START Exercise material

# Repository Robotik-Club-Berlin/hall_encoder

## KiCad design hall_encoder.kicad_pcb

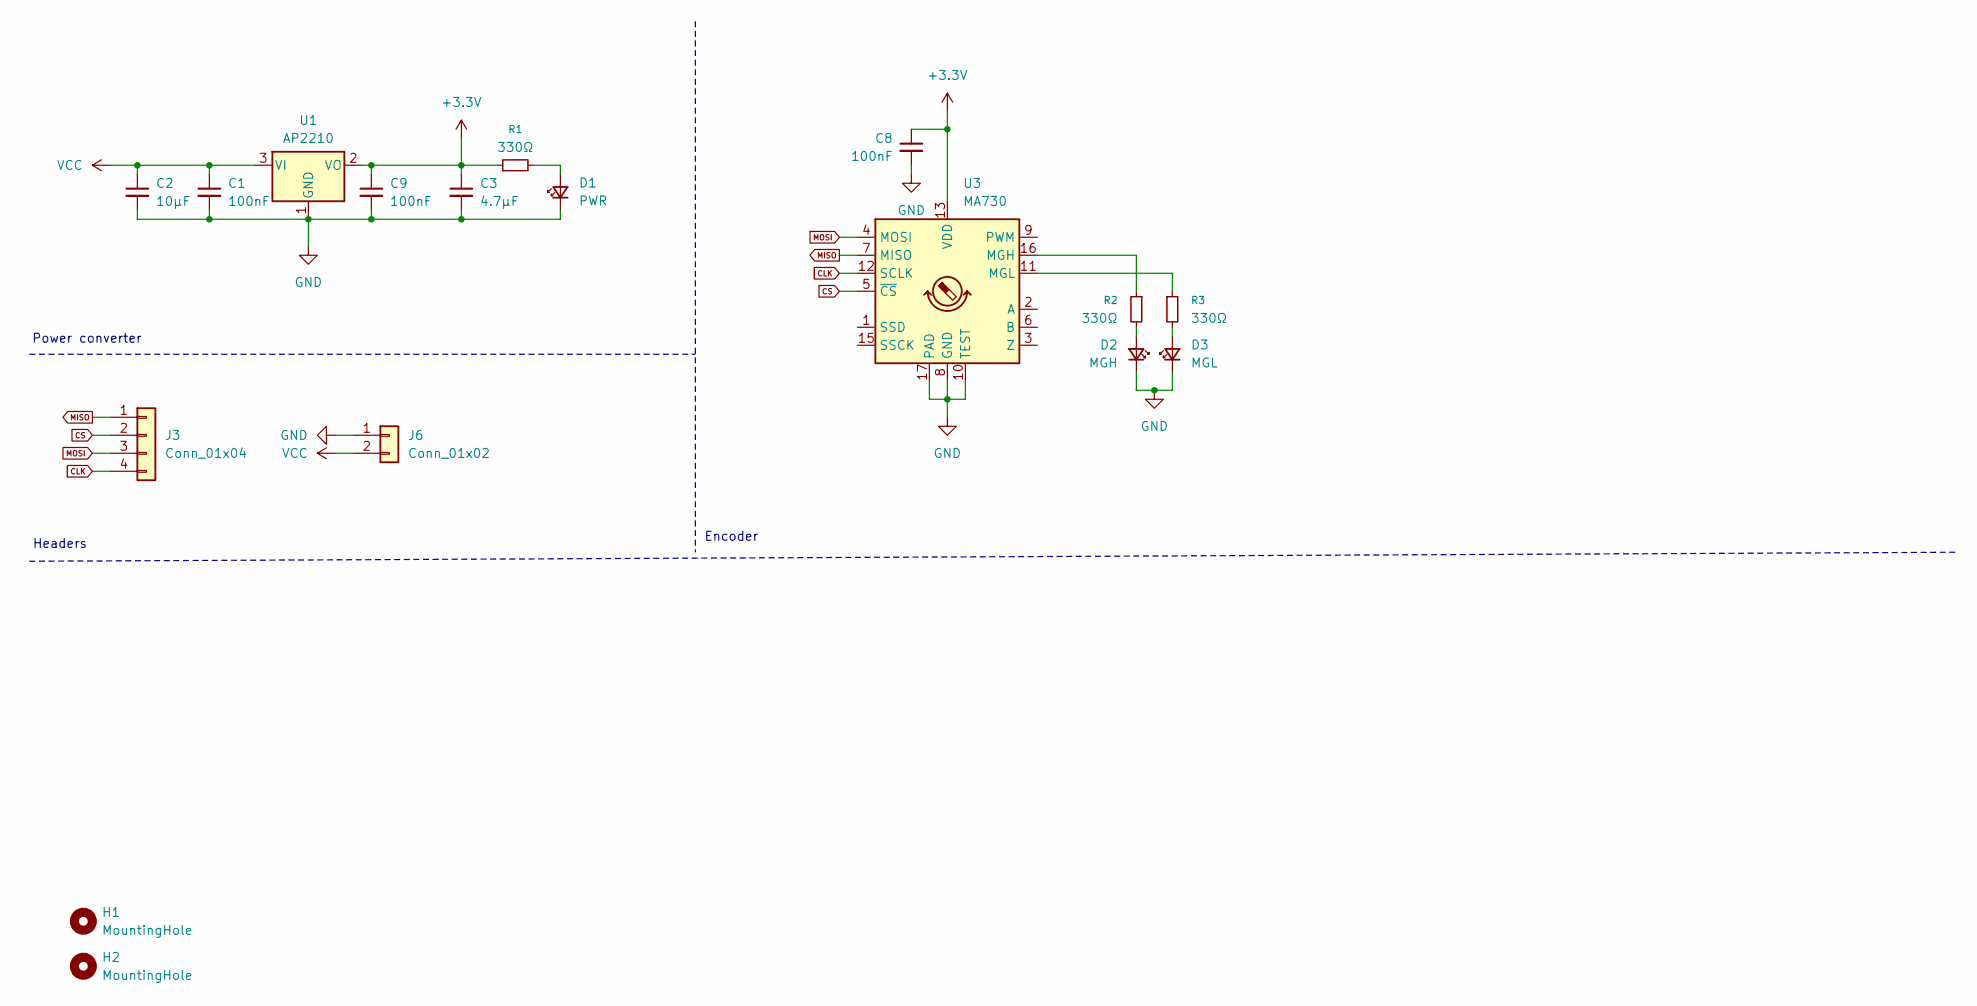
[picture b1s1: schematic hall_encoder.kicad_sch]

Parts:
C1, C8, C9: 100nF; C_0603_1608Metric_Pad1.08x0.95mm_HandSolder
C2: 10µF; C_1206_3216Metric_Pad1.33x1.80mm_HandSolder
C3: 4.7µF; C_0603_1608Metric_Pad1.08x0.95mm_HandSolder
D1: PWR; LED_0603_1608Metric_Pad1.05x0.95mm_HandSolder
D2: MGH; LED_0603_1608Metric_Pad1.05x0.95mm_HandSolder
D3: MGL; LED_0603_1608Metric_Pad1.05x0.95mm_HandSolder
H1, H2: MountingHole; MountingHole_2.2mm_M2
J3: Conn_01x04; PinHeader_1x04_P2.54mm_Vertical
J6: Conn_01x02; PinHeader_1x02_P2.54mm_Vertical
R1, R2, R3: 330Ω; R_0603_1608Metric_Pad0.98x0.95mm_HandSolder
U1: AP2210; SOT-23-3
U3: MA730; QFN-16-1EP_3x3mm_P0.5mm_EP1.75x1.75mm

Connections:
+3.3V: C3.1, C8.1, C9.1, R1.1, U1.2 (VO), U3.13 (VDD)
CLK: J3.4, U3.12 (SCLK)
CS: J3.2, U3.5 (~CS)
GND: C1.2, C2.2, C3.2, C8.2, C9.2, D1.1 (K), D2.1 (K), D3.1 (K), J6.1, U1.1 (GND), U3.8 (GND), U3.10 (TEST), U3.17 (PAD)
MISO: J3.1, U3.7 (MISO)
MOSI: J3.3, U3.4 (MOSI)
unnamed: D1.2 (A), R1.2
unnamed: D2.2 (A), R2.2
unnamed: D3.2 (A), R3.2
unnamed: R2.1, U3.16 (MGH)
unnamed: R3.1, U3.11 (MGL)
VCC: C1.1, C2.1, J6.2, U1.3 (VI)

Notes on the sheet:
Encoder
Headers
Power converter

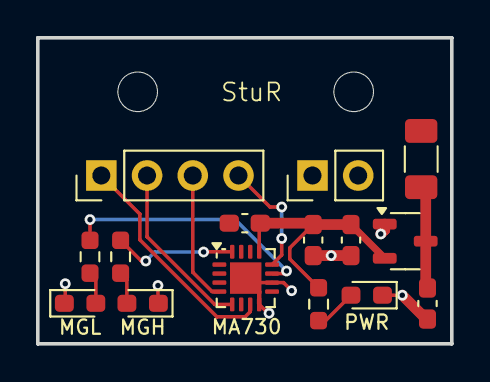
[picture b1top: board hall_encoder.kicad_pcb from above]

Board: 2 copper layers, 23.0 x 17.0 mm, 17 parts (0 on the bottom side), 12 nets.

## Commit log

2026-05-08 Add existing encoder
2026-05-08 Remove all can components
2026-05-11 Reference step file

END Exercise material

With images omitted, retype the data word for word.

# Repository Robotik-Club-Berlin/hall_encoder

## KiCad design hall_encoder.kicad_pcb

[picture b1s1: schematic hall_encoder.kicad_sch]

Parts:
C1, C8, C9: 100nF; C_0603_1608Metric_Pad1.08x0.95mm_HandSolder
C2: 10µF; C_1206_3216Metric_Pad1.33x1.80mm_HandSolder
C3: 4.7µF; C_0603_1608Metric_Pad1.08x0.95mm_HandSolder
D1: PWR; LED_0603_1608Metric_Pad1.05x0.95mm_HandSolder
D2: MGH; LED_0603_1608Metric_Pad1.05x0.95mm_HandSolder
D3: MGL; LED_0603_1608Metric_Pad1.05x0.95mm_HandSolder
H1, H2: MountingHole; MountingHole_2.2mm_M2
J3: Conn_01x04; PinHeader_1x04_P2.54mm_Vertical
J6: Conn_01x02; PinHeader_1x02_P2.54mm_Vertical
R1, R2, R3: 330Ω; R_0603_1608Metric_Pad0.98x0.95mm_HandSolder
U1: AP2210; SOT-23-3
U3: MA730; QFN-16-1EP_3x3mm_P0.5mm_EP1.75x1.75mm

Connections:
+3.3V: C3.1, C8.1, C9.1, R1.1, U1.2 (VO), U3.13 (VDD)
CLK: J3.4, U3.12 (SCLK)
CS: J3.2, U3.5 (~CS)
GND: C1.2, C2.2, C3.2, C8.2, C9.2, D1.1 (K), D2.1 (K), D3.1 (K), J6.1, U1.1 (GND), U3.8 (GND), U3.10 (TEST), U3.17 (PAD)
MISO: J3.1, U3.7 (MISO)
MOSI: J3.3, U3.4 (MOSI)
unnamed: D1.2 (A), R1.2
unnamed: D2.2 (A), R2.2
unnamed: D3.2 (A), R3.2
unnamed: R2.1, U3.16 (MGH)
unnamed: R3.1, U3.11 (MGL)
VCC: C1.1, C2.1, J6.2, U1.3 (VI)

Notes on the sheet:
Encoder
Headers
Power converter

[picture b1top: board hall_encoder.kicad_pcb from above]

Board: 2 copper layers, 23.0 x 17.0 mm, 17 parts (0 on the bottom side), 12 nets.

## Commit log

2026-05-08 Add existing encoder
2026-05-08 Remove all can components
2026-05-11 Reference step file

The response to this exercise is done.